BERLIN -- The fall of the Berlin Wall has more fully exposed an ugly wart on the landscape -- the remains of the bunker where Adolf Hitler made his last stand.

It is a grassy mound, which, until last November, was in the no-man's land between the two walls that make up the Berlin Wall. For years, no one but border guards and attack dogs were allowed near it. Now it sits exposed, and Berlin officials are exercised about what to do with it. Is it a historical landmark for tourists to gawk at, or is it an embarrassing reminder of an era that the Germans would just as soon forget?

So far, both Germanys have done a good job covering up the traces of the Third Reich. Berlin officials who asked not to be named told us that the physical evidence of the Holocaust has been the subject of intense secret debates. The disposition of historical landmarks is politically sensitive now more than ever because of the reunification of Germany. Many Europeans and Jews everywhere fear a resurgence of the nationalism, the arrogance and the antisemitism that once prompted a united Germany to do the unthinkable.

If Berlin officials had their druthers, they told us, they would demolish any reminder of that era. But they fear being accused of trying to rewrite the past or forget it.

''That is why,'' one key aide to West Berlin Mayor Walter Mompers told us, ''it's better that a unified Germany is integrated within the international community of Europe in 1992.'' He suggested, confidentially, that unless Germany is made to assume a pan-European role, it might begin to flex its muscle in some ugly way in years to come.

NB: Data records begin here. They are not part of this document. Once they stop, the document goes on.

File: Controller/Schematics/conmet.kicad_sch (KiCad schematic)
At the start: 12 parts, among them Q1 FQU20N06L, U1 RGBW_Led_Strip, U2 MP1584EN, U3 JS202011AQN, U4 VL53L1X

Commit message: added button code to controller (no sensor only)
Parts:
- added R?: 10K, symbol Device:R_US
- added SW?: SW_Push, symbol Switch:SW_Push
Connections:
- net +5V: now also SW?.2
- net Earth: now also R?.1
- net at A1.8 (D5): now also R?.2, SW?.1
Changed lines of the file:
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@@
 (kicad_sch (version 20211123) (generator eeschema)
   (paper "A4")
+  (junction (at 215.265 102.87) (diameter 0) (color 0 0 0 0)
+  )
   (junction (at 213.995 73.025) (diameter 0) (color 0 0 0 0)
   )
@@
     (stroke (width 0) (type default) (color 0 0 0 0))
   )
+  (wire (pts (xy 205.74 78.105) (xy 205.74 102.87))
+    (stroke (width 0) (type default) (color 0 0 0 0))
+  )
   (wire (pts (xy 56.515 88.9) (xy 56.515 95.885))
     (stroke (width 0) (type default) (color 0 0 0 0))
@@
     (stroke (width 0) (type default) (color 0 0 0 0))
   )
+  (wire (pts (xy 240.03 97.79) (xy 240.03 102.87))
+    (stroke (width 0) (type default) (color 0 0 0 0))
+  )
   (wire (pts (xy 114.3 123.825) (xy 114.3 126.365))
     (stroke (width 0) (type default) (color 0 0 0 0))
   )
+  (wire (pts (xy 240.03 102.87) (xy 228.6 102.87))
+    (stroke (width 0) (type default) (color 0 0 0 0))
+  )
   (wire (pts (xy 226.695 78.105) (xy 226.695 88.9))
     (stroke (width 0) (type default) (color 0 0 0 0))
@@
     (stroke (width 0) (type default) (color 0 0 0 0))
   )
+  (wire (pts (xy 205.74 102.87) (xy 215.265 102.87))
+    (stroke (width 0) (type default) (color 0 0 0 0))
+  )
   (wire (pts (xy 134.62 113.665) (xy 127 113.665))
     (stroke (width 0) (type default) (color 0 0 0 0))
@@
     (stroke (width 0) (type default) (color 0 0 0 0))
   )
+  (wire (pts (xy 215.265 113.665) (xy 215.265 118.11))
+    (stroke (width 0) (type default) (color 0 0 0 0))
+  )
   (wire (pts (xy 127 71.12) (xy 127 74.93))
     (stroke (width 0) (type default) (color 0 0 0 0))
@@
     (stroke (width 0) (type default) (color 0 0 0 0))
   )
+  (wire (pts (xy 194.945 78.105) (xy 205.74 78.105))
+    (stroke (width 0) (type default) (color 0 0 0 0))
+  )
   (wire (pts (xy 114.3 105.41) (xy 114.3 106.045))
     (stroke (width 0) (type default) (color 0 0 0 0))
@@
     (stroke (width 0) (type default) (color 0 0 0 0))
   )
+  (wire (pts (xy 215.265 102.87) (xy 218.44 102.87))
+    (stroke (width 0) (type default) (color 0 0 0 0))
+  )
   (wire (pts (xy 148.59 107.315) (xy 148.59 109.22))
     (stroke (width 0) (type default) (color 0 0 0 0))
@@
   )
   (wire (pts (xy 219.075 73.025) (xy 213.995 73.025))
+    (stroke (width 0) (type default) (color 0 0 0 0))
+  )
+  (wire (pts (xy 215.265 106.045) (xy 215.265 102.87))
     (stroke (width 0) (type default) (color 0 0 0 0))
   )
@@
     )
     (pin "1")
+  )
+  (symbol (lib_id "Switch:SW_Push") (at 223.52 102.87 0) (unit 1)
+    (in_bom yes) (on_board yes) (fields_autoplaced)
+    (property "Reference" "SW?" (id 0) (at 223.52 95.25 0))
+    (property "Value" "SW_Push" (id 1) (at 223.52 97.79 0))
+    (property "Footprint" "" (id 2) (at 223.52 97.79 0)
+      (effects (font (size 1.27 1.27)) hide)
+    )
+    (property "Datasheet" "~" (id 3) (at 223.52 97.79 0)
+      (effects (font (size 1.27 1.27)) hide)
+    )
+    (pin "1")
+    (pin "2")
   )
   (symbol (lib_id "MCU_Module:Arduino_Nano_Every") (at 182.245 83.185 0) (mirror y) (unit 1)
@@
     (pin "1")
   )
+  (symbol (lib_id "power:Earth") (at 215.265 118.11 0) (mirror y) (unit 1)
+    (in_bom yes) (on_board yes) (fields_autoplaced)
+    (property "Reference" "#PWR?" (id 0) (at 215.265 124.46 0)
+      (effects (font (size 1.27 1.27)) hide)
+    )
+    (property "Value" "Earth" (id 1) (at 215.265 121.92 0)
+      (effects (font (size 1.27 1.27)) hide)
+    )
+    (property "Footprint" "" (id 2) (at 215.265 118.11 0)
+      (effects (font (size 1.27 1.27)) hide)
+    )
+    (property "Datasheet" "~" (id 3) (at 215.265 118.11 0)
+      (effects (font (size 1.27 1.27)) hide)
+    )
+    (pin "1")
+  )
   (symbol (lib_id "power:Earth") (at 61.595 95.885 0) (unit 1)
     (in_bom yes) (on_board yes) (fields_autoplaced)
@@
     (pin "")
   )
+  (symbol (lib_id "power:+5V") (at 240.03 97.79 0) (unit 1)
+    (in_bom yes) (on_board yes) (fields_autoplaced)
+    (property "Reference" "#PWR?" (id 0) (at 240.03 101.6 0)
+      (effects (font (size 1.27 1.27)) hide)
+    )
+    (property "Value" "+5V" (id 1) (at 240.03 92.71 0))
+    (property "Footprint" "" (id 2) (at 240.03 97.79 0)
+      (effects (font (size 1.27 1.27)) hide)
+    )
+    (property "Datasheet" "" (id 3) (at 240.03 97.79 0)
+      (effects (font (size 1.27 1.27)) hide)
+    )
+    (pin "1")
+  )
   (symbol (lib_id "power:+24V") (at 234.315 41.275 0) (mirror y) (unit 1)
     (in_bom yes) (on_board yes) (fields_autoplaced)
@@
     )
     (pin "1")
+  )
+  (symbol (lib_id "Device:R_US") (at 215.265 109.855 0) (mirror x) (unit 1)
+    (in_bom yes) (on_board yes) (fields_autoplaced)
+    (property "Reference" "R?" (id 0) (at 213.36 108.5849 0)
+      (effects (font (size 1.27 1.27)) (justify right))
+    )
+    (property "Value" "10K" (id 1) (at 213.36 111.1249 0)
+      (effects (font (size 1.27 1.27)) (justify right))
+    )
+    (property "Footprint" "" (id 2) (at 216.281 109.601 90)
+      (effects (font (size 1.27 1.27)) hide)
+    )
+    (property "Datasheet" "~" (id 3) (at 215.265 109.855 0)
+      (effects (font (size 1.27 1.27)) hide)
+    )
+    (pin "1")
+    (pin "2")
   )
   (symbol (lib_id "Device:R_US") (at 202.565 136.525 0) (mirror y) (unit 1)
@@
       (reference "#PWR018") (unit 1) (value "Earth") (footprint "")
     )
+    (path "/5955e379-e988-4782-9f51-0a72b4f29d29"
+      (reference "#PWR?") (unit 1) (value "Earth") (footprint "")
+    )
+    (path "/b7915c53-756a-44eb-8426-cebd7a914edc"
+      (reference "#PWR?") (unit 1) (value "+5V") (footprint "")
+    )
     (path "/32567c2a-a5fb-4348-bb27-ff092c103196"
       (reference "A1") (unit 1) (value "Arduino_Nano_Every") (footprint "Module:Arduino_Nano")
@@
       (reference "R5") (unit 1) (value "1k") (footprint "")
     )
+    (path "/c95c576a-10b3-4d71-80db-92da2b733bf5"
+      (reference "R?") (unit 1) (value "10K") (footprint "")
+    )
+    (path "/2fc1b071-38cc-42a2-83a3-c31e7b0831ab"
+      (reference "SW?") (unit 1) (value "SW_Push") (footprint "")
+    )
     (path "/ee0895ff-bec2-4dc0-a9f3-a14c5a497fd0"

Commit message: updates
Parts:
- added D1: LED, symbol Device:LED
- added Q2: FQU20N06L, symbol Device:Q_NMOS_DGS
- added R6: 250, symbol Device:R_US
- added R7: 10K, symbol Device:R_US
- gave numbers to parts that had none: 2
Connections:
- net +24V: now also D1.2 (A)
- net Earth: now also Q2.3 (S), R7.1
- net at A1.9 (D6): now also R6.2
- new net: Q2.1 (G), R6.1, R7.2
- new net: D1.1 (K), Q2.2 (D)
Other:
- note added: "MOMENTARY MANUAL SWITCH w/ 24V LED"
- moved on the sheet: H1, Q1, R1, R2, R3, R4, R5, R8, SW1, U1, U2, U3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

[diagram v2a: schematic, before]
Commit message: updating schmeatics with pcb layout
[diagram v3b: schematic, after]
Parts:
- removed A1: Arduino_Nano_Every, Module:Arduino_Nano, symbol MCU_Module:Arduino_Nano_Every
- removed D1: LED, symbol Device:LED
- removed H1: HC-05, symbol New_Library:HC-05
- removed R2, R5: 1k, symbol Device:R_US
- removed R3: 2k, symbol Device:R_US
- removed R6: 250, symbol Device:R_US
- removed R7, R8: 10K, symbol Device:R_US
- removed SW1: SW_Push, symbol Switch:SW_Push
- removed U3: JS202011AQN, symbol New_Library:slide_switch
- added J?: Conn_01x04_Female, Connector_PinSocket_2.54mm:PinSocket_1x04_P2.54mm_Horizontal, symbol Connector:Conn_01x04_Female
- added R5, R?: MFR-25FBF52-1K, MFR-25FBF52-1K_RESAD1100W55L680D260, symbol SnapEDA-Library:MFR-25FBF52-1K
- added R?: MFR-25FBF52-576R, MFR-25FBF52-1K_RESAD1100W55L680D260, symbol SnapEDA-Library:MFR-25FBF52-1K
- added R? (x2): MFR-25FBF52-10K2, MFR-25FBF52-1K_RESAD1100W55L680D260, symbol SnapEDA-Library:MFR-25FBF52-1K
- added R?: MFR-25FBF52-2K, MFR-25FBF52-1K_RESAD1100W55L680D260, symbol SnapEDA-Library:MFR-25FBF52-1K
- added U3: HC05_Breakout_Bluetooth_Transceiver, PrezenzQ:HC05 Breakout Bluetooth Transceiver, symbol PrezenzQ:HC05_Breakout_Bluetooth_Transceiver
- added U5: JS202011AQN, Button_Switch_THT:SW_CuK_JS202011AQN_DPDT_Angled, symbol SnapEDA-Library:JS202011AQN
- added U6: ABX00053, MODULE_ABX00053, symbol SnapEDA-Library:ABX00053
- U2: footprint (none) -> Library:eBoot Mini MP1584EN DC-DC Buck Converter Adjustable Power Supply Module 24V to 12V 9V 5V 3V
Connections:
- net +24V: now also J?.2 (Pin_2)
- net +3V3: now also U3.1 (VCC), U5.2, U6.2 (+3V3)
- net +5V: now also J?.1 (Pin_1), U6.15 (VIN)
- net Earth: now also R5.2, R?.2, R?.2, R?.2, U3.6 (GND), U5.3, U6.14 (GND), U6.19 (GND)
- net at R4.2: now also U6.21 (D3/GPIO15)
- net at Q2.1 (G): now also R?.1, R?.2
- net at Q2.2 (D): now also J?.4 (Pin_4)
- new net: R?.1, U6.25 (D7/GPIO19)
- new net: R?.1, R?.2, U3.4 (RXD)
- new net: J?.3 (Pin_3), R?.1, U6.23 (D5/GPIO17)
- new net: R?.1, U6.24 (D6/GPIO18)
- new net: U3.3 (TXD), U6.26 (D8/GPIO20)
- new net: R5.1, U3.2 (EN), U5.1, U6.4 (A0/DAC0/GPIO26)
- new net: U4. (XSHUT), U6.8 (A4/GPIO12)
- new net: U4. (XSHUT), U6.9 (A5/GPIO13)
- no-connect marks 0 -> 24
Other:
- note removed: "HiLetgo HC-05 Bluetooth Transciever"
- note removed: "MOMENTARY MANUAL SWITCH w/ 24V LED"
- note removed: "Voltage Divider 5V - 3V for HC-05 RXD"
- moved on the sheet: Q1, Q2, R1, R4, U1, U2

The aide personally agreed with the philosophy that those who remember history are not doomed to repeat it. But, he added, it is ticklish to speak of reminders in Berlin now, especially when Berlin is competing with Bonn to be the capital of the unified Germany, and Berlin doesn't want to be saddled with all the ''bad history.''

Other Germans we met, particularly young people, said they would like to see more memorials to those who suffered at the hands of the Nazis. They don't want to revel in guilt, but they do want to prevent a repeat.

One of the few memorials to the Nazi era is the remains of an old synagogue near Charlottenburg that was firebombed during Hitler's Kristallnacht rampage in 1938. It is being restored as a museum.

Another memorial is the Wannsee Villa, where the chief of the Gestapo and 14 other German officials met on Jan. 20, 1942, and planned the ''final solution'' -- the extermination of European Jews. Two months ago, Jewish leaders gathered at the villa to remember the event. The meeting received scant attention in the German press, which considers such stories to be ''downers,'' as one German journalist put it.

Berlin has two places that pass for memorials to the victims of the Nazis. The first is the Plotzensee Memorial, dedicated to all victims of Hitler. But it specifically emphasizes not 6 million Jews but 2,500 members of the German resistance who opposed Hitler and were executed.

The other memorial is a haphazard affair at the corner of Prince Albrecht and Wilhelm streets near the old Berlin Wall. It was once the site of the Gestapo and SS headquarters. It was dynamited into two large mounds of rubble in 1949. After years of argument, it is now a small museum called ''The Topography of Terror'' made out of the underground cells that were not destroyed.

Most other physical reminders of the Holocaust were destroyed by Allied bombs or by occupying governments that preferred to bury the past. In 1987, the British razed the old Spandau prison, which had held the seven Nazi criminals convicted, but not executed, at Nuremburg. After 1966, Spandau had only one prisoner -- Rudolf Hess. When he died in 1987, the British destroyed the prison overnight. We visited the site and found a supermarket in its place.

Those who argue for more memorials are profoundly aware of the tide of antisemitism in West Germany. One of the unhealthy byproducts of reunification has been growth in neo-Nazi groups. ''We have the impression during the past few months that these groups actually have increased in numbers,'' one official said in a briefing provided us by a half-dozen top counterintelligence officials in West Berlin.

The right-wing extremist groups are recruiting with some success in East Berlin too. They appeal to those whose antisemitism was encouraged by the Soviets or who are worried about their own stake in a new Germany.